The Attempt at a Solution



Substuting

Substituting [itex]x=a \sin(\theta)[/itex]

[itex]dx=a\cos( \theta) d\theta[/itex]

x=0
asin[itex]\theta[/itex]=0
sin[itex]\theta[/itex]=0
[itex]\theta[/itex]=0

[itex]\displaystyle \int_{0}^{a} 4x^2 \sqrt{a^2-x^2} dx =[/itex]

[itex]\displaystyle \int_{0}^{\pi/2} 4(a\sin\theta)^2 \sqrt{a^2-(a\sin\theta)^2} a\cos\theta d\theta=[/itex]

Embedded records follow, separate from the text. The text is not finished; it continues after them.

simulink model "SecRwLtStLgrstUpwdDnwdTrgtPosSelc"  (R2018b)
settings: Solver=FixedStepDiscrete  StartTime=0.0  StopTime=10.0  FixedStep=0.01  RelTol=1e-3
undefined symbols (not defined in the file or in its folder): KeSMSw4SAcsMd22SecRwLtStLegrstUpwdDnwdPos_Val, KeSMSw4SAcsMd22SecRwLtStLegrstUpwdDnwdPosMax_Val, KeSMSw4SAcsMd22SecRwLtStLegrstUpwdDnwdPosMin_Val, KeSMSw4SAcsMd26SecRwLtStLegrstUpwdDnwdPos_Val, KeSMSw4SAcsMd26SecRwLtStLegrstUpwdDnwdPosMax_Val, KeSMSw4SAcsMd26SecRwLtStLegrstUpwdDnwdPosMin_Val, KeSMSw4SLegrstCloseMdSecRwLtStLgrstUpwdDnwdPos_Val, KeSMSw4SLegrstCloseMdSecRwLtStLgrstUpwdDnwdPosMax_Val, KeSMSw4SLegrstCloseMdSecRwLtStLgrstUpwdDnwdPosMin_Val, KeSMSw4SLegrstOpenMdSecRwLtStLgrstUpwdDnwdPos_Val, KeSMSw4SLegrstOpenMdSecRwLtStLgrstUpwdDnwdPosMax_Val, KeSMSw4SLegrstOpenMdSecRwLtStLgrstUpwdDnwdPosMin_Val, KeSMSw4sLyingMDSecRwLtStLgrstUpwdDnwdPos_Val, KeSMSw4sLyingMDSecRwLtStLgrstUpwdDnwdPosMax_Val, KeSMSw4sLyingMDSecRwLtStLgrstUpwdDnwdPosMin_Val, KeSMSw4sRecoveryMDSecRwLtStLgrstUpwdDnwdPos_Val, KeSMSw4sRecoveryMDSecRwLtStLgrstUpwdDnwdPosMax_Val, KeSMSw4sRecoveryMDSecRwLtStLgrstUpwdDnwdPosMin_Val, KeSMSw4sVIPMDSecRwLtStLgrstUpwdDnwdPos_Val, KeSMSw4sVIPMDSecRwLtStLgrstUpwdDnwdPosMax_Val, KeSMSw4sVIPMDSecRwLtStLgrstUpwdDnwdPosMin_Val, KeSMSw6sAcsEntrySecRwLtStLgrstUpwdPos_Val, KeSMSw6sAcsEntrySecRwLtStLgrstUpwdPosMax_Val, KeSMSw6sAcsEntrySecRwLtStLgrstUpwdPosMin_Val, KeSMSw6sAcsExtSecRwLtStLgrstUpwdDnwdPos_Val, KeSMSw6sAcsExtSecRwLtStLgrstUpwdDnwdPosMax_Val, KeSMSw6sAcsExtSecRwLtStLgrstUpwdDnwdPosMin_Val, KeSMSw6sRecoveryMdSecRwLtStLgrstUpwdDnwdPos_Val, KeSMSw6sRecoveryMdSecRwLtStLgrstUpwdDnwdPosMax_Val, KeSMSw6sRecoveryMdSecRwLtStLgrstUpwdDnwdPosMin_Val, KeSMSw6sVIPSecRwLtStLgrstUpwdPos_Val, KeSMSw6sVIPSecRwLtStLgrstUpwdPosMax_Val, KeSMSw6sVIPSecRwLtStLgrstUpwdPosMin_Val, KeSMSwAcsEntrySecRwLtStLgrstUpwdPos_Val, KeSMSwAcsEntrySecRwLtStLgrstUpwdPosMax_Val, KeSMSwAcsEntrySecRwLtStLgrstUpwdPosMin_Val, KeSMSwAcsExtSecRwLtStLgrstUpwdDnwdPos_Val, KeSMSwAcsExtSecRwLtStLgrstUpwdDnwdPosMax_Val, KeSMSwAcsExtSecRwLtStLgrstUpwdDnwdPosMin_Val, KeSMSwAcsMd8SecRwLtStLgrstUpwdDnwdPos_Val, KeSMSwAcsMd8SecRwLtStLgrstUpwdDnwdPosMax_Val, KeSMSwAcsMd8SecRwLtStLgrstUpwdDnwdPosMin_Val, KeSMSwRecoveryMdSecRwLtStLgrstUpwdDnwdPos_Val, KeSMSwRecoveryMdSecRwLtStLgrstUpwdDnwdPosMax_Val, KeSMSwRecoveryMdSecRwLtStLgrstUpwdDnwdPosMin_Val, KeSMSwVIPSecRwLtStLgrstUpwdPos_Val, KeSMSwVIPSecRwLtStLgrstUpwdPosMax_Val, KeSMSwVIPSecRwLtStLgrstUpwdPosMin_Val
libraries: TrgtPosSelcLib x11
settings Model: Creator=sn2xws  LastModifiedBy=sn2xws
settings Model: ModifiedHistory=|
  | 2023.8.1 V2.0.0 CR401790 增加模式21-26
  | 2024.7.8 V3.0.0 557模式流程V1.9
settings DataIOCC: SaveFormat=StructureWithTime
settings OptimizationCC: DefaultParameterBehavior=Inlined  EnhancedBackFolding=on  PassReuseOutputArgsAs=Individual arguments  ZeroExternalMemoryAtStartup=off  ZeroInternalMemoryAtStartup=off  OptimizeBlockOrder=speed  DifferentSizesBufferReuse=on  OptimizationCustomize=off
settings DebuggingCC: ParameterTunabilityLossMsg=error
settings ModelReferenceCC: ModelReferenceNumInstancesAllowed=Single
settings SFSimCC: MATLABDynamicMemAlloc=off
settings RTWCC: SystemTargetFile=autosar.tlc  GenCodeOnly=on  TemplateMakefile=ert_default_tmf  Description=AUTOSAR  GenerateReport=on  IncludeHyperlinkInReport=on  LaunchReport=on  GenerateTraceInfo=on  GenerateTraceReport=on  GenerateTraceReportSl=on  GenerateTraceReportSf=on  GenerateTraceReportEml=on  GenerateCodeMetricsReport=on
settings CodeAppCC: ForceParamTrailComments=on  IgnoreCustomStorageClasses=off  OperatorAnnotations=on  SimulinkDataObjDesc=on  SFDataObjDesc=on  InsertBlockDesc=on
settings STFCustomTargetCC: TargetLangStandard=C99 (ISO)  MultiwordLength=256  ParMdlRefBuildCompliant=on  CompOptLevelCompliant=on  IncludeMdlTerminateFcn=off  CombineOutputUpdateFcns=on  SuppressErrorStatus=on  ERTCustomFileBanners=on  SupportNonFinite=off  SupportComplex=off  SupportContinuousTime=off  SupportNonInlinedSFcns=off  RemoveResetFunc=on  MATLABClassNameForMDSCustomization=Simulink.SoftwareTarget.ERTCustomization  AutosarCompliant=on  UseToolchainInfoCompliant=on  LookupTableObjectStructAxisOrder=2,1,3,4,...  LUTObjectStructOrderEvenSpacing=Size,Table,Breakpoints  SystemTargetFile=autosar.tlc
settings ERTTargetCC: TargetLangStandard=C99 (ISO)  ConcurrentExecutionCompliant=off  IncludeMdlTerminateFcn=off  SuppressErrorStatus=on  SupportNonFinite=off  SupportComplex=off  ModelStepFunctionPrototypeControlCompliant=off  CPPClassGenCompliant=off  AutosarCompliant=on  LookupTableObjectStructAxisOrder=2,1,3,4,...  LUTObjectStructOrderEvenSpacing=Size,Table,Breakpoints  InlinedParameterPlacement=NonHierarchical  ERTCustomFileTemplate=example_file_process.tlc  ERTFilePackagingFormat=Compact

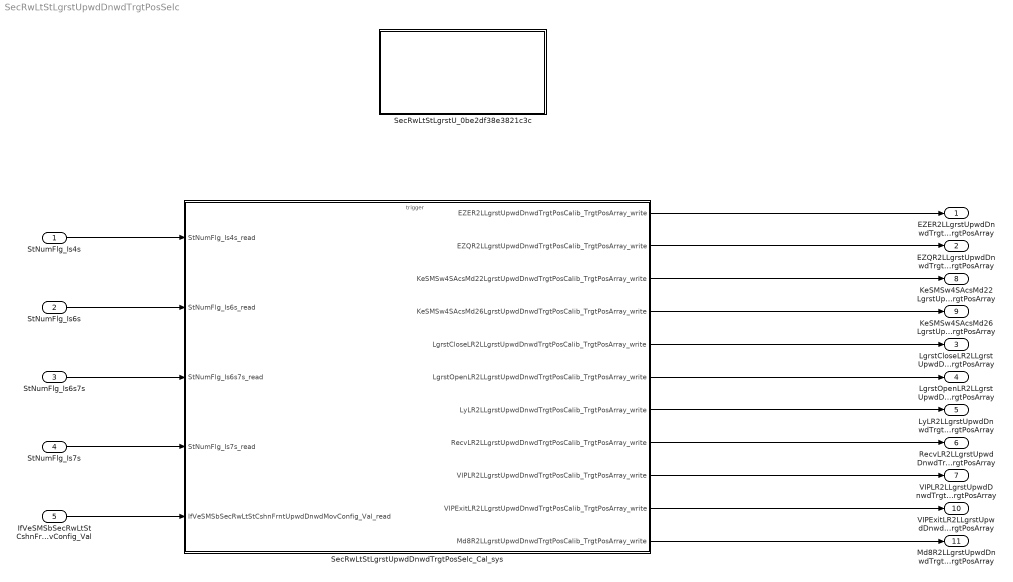
== system SecRwLtStLgrstUpwdDnwdTrgtPosSelc ==
  StNumFlg_Is4s : Inport  OutDataTypeStr=boolean  PortDimensions=1
  StNumFlg_Is6s : Inport  Port=2  OutDataTypeStr=boolean  PortDimensions=1
  StNumFlg_Is6s7s : Inport  Port=3  OutDataTypeStr=boolean  PortDimensions=1
  StNumFlg_Is7s : Inport  Port=4  OutDataTypeStr=boolean  PortDimensions=1
  IfVeSMSbSecRwLtStCshnFrntUpwdDnwdMovConfig_Val : Inport  Port=5  OutDataTypeStr=boolean  PortDimensions=1
  SecRwLtStLgrstU_0be2df38e3821c3c : Subsystem
  SecRwLtStLgrstUpwdDnwdTrgtPosSelc_Cal_sys : Subsystem
  EZER2LLgrstUpwdDnwdTrgtPosCalib_TrgtPosArray : Outport  Description=|  OutDataTypeStr=uint16  PortDimensions=3
      | 0:Pos
      | 1:Max
      | 2:Min
  EZQR2LLgrstUpwdDnwdTrgtPosCalib_TrgtPosArray : Outport  Description=|  Port=2  OutDataTypeStr=uint16  PortDimensions=3
      | 0:Pos
      | 1:Max
      | 2:Min
  LgrstCloseLR2LLgrstUpwdDnwdTrgtPosCalib_TrgtPosArray : Outport  Description=|  Port=3  OutDataTypeStr=uint16  PortDimensions=3
      | 0:Pos
      | 1:Max
      | 2:Min
  LgrstOpenLR2LLgrstUpwdDnwdTrgtPosCalib_TrgtPosArray : Outport  Description=|  Port=4  OutDataTypeStr=uint16  PortDimensions=3
      | 0:Pos
      | 1:Max
      | 2:Min
  LyLR2LLgrstUpwdDnwdTrgtPosCalib_TrgtPosArray : Outport  Description=|  Port=5  OutDataTypeStr=uint16  PortDimensions=3
      | 0:Pos
      | 1:Max
      | 2:Min
  RecvLR2LLgrstUpwdDnwdTrgtPosCalib_TrgtPosArray : Outport  Description=|  Port=6  OutDataTypeStr=uint16  PortDimensions=3
      | 0:Pos
      | 1:Max
      | 2:Min
  VIPLR2LLgrstUpwdDnwdTrgtPosCalib_TrgtPosArray : Outport  Description=|  Port=7  OutDataTypeStr=uint16  PortDimensions=3
      | 0:Pos
      | 1:Max
      | 2:Min
  KeSMSw4SAcsMd22LgrstUpwdDnwdTrgtPosCalib_TrgtPosArray : Outport  Description=|  Port=8  OutDataTypeStr=uint16  PortDimensions=3
      | 0:Pos
      | 1:Max
      | 2:Min
  KeSMSw4SAcsMd26LgrstUpwdDnwdTrgtPosCalib_TrgtPosArray : Outport  Description=|  Port=9  OutDataTypeStr=uint16  PortDimensions=3
      | 0:Pos
      | 1:Max
      | 2:Min
  VIPExitLR2LLgrstUpwdDnwdTrgtPosCalib_TrgtPosArray : Outport  Description=|  Port=10  OutDataTypeStr=uint16  PortDimensions=3
      | 0:Pos
      | 1:Max
      | 2:Min
  Md8R2LLgrstUpwdDnwdTrgtPosCalib_TrgtPosArray : Outport  Description=|  Port=11  OutDataTypeStr=uint16  PortDimensions=3
      | 0:Pos
      | 1:Max
      | 2:Min
  wires:
  StNumFlg_Is4s/1 -> SecRwLtStLgrstUpwdDnwdTrgtPosSelc_Cal_sys/1(StNumFlg_Is4s_read)
  StNumFlg_Is6s/1 -> SecRwLtStLgrstUpwdDnwdTrgtPosSelc_Cal_sys/2(StNumFlg_Is6s_read)
  StNumFlg_Is6s7s/1 -> SecRwLtStLgrstUpwdDnwdTrgtPosSelc_Cal_sys/3(StNumFlg_Is6s7s_read)
  StNumFlg_Is7s/1 -> SecRwLtStLgrstUpwdDnwdTrgtPosSelc_Cal_sys/4(StNumFlg_Is7s_read)
  SecRwLtStLgrstUpwdDnwdTrgtPosSelc_Cal_sys/1(EZER2LLgrstUpwdDnwdTrgtPosCalib_TrgtPosArray_write) -> EZER2LLgrstUpwdDnwdTrgtPosCalib_TrgtPosArray/1
  SecRwLtStLgrstUpwdDnwdTrgtPosSelc_Cal_sys/2(EZQR2LLgrstUpwdDnwdTrgtPosCalib_TrgtPosArray_write) -> EZQR2LLgrstUpwdDnwdTrgtPosCalib_TrgtPosArray/1
  SecRwLtStLgrstUpwdDnwdTrgtPosSelc_Cal_sys/5(LgrstCloseLR2LLgrstUpwdDnwdTrgtPosCalib_TrgtPosArray_write) -> LgrstCloseLR2LLgrstUpwdDnwdTrgtPosCalib_TrgtPosArray/1
  SecRwLtStLgrstUpwdDnwdTrgtPosSelc_Cal_sys/6(LgrstOpenLR2LLgrstUpwdDnwdTrgtPosCalib_TrgtPosArray_write) -> LgrstOpenLR2LLgrstUpwdDnwdTrgtPosCalib_TrgtPosArray/1
  SecRwLtStLgrstUpwdDnwdTrgtPosSelc_Cal_sys/7(LyLR2LLgrstUpwdDnwdTrgtPosCalib_TrgtPosArray_write) -> LyLR2LLgrstUpwdDnwdTrgtPosCalib_TrgtPosArray/1
  SecRwLtStLgrstUpwdDnwdTrgtPosSelc_Cal_sys/8(RecvLR2LLgrstUpwdDnwdTrgtPosCalib_TrgtPosArray_write) -> RecvLR2LLgrstUpwdDnwdTrgtPosCalib_TrgtPosArray/1
  SecRwLtStLgrstUpwdDnwdTrgtPosSelc_Cal_sys/9(VIPLR2LLgrstUpwdDnwdTrgtPosCalib_TrgtPosArray_write) -> VIPLR2LLgrstUpwdDnwdTrgtPosCalib_TrgtPosArray/1
  SecRwLtStLgrstUpwdDnwdTrgtPosSelc_Cal_sys/3(KeSMSw4SAcsMd22LgrstUpwdDnwdTrgtPosCalib_TrgtPosArray_write) -> KeSMSw4SAcsMd22LgrstUpwdDnwdTrgtPosCalib_TrgtPosArray/1
  SecRwLtStLgrstUpwdDnwdTrgtPosSelc_Cal_sys/4(KeSMSw4SAcsMd26LgrstUpwdDnwdTrgtPosCalib_TrgtPosArray_write) -> KeSMSw4SAcsMd26LgrstUpwdDnwdTrgtPosCalib_TrgtPosArray/1
  IfVeSMSbSecRwLtStCshnFrntUpwdDnwdMovConfig_Val/1 -> SecRwLtStLgrstUpwdDnwdTrgtPosSelc_Cal_sys/5(IfVeSMSbSecRwLtStCshnFrntUpwdDnwdMovConfig_Val_read)
  SecRwLtStLgrstUpwdDnwdTrgtPosSelc_Cal_sys/10(VIPExitLR2LLgrstUpwdDnwdTrgtPosCalib_TrgtPosArray_write) -> VIPExitLR2LLgrstUpwdDnwdTrgtPosCalib_TrgtPosArray/1
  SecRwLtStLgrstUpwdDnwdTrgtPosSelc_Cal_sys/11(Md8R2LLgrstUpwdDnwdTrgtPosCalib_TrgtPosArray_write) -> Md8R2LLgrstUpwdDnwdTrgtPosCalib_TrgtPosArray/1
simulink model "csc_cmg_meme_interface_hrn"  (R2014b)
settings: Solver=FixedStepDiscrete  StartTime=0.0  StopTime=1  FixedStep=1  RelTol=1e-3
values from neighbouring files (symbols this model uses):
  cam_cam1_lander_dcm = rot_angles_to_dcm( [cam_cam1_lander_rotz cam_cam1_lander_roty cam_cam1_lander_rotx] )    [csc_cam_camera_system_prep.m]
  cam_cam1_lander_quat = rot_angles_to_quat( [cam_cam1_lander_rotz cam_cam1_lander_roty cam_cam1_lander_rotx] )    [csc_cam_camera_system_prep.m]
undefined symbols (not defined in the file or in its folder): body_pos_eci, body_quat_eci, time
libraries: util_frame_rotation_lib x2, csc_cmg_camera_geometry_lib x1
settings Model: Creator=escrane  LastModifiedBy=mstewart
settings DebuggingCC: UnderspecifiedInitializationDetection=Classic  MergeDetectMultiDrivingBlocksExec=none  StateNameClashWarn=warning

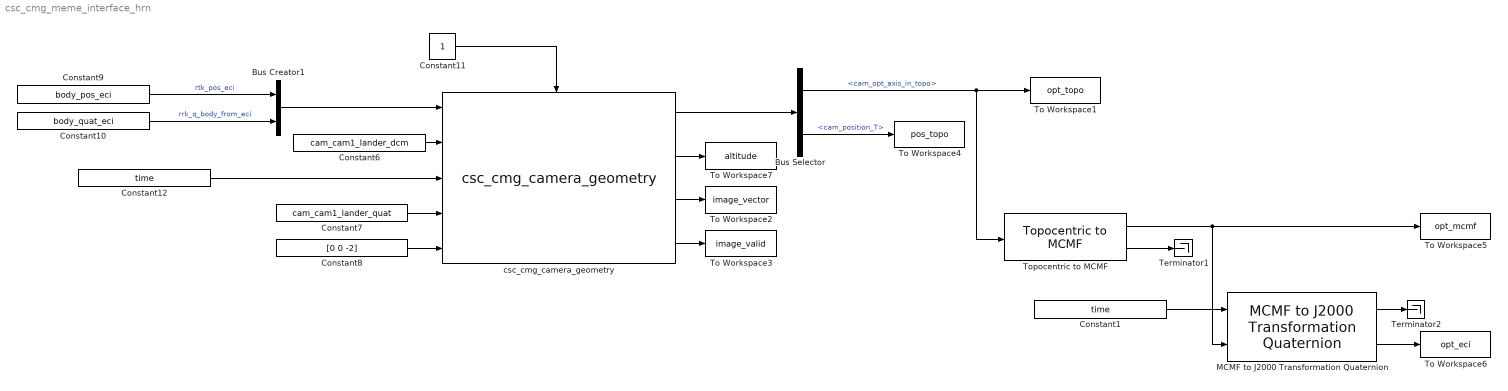
== system csc_cmg_meme_interface_hrn ==
  Bus Creator1 : BusCreator  Inputs=2
  Bus Selector : BusSelector  OutputSignals=cam_opt_axis_in_topo,cam_position_T
  Constant1 : Constant  Value=time
  Constant10 : Constant  Value=body_quat_eci
  Constant11 : Constant
  Constant12 : Constant  Value=time
  Constant6 : Constant  Value=cam_cam1_lander_dcm
  Constant7 : Constant  Value=cam_cam1_lander_quat
  Constant8 : Constant  Value=[0 0 -2]
  Constant9 : Constant  Value=body_pos_eci
  MCMF to J2000 Transformation Quaternion : util_frame_rotation_lib/MCMF to J2000  Transformation Quaternion
  Terminator1 : Terminator
  Terminator2 : Terminator
  To Workspace1 : ToWorkspace  VariableName=opt_topo  SaveFormat=Timeseries  SampleTime=-1
  To Workspace2 : ToWorkspace  VariableName=image_vector  SaveFormat=Timeseries  SampleTime=-1
  To Workspace3 : ToWorkspace  VariableName=image_valid  SaveFormat=Timeseries  SampleTime=-1
  To Workspace4 : ToWorkspace  VariableName=pos_topo  SaveFormat=Timeseries  SampleTime=-1
  To Workspace5 : ToWorkspace  VariableName=opt_mcmf  SaveFormat=Timeseries  SampleTime=-1
  To Workspace6 : ToWorkspace  VariableName=opt_eci  SaveFormat=Timeseries  SampleTime=-1
  To Workspace7 : ToWorkspace  VariableName=altitude  SaveFormat=Timeseries  SampleTime=-1
  Topocentric to MCMF : util_frame_rotation_lib/Topocentric to MCMF  SystemSampleTime=-1
  csc_cmg_camera_geometry : csc_cmg_camera_geometry_lib/csc_cmg_camera_geometry
  wires:
  Constant6/1 -> csc_cmg_camera_geometry/2
  Constant7/1 -> csc_cmg_camera_geometry/4
  Constant8/1 -> csc_cmg_camera_geometry/5
  Constant9/1 -> Bus Creator1/1  "rtk_pos_eci"
  Bus Creator1/1 -> csc_cmg_camera_geometry/1
  Constant10/1 -> Bus Creator1/2  "rrk_q_body_from_eci"
  Constant11/1 -> csc_cmg_camera_geometry/Enable
  Constant12/1 -> csc_cmg_camera_geometry/3
  csc_cmg_camera_geometry/1 -> Bus Selector/1
  Bus Selector/1 -> Topocentric to MCMF/1, To Workspace1/1  "<cam_opt_axis_in_topo>"
  Bus Selector/2 -> To Workspace4/1  "<cam_position_T>"
  Topocentric to MCMF/1 -> MCMF to J2000 Transformation Quaternion/2, To Workspace5/1
  Constant1/1 -> MCMF to J2000 Transformation Quaternion/1
  MCMF to J2000 Transformation Quaternion/2 -> To Workspace6/1
  Topocentric to MCMF/2 -> Terminator1/1
  MCMF to J2000 Transformation Quaternion/1 -> Terminator2/1
  csc_cmg_camera_geometry/4 -> To Workspace3/1
  csc_cmg_camera_geometry/3 -> To Workspace2/1
  csc_cmg_camera_geometry/2 -> To Workspace7/1

[itex]\displaystyle \int_{0}^{\pi/2} 4a^2sin^2\theta \sqrt{a^2-a^2sin^2\theta}a\cos\theta d\theta=[/itex]

[itex]\displaystyle \int_{0}^{\pi/2} 4a^2sin^2\theta a \sqrt{1-sin^2\theta}a\cos\theta d\theta=[/itex]

[itex]\displaystyle \int_{0}^{\pi/2} 4a^2sin^2\theta a cos\theta a\cos\theta d\theta=[/itex]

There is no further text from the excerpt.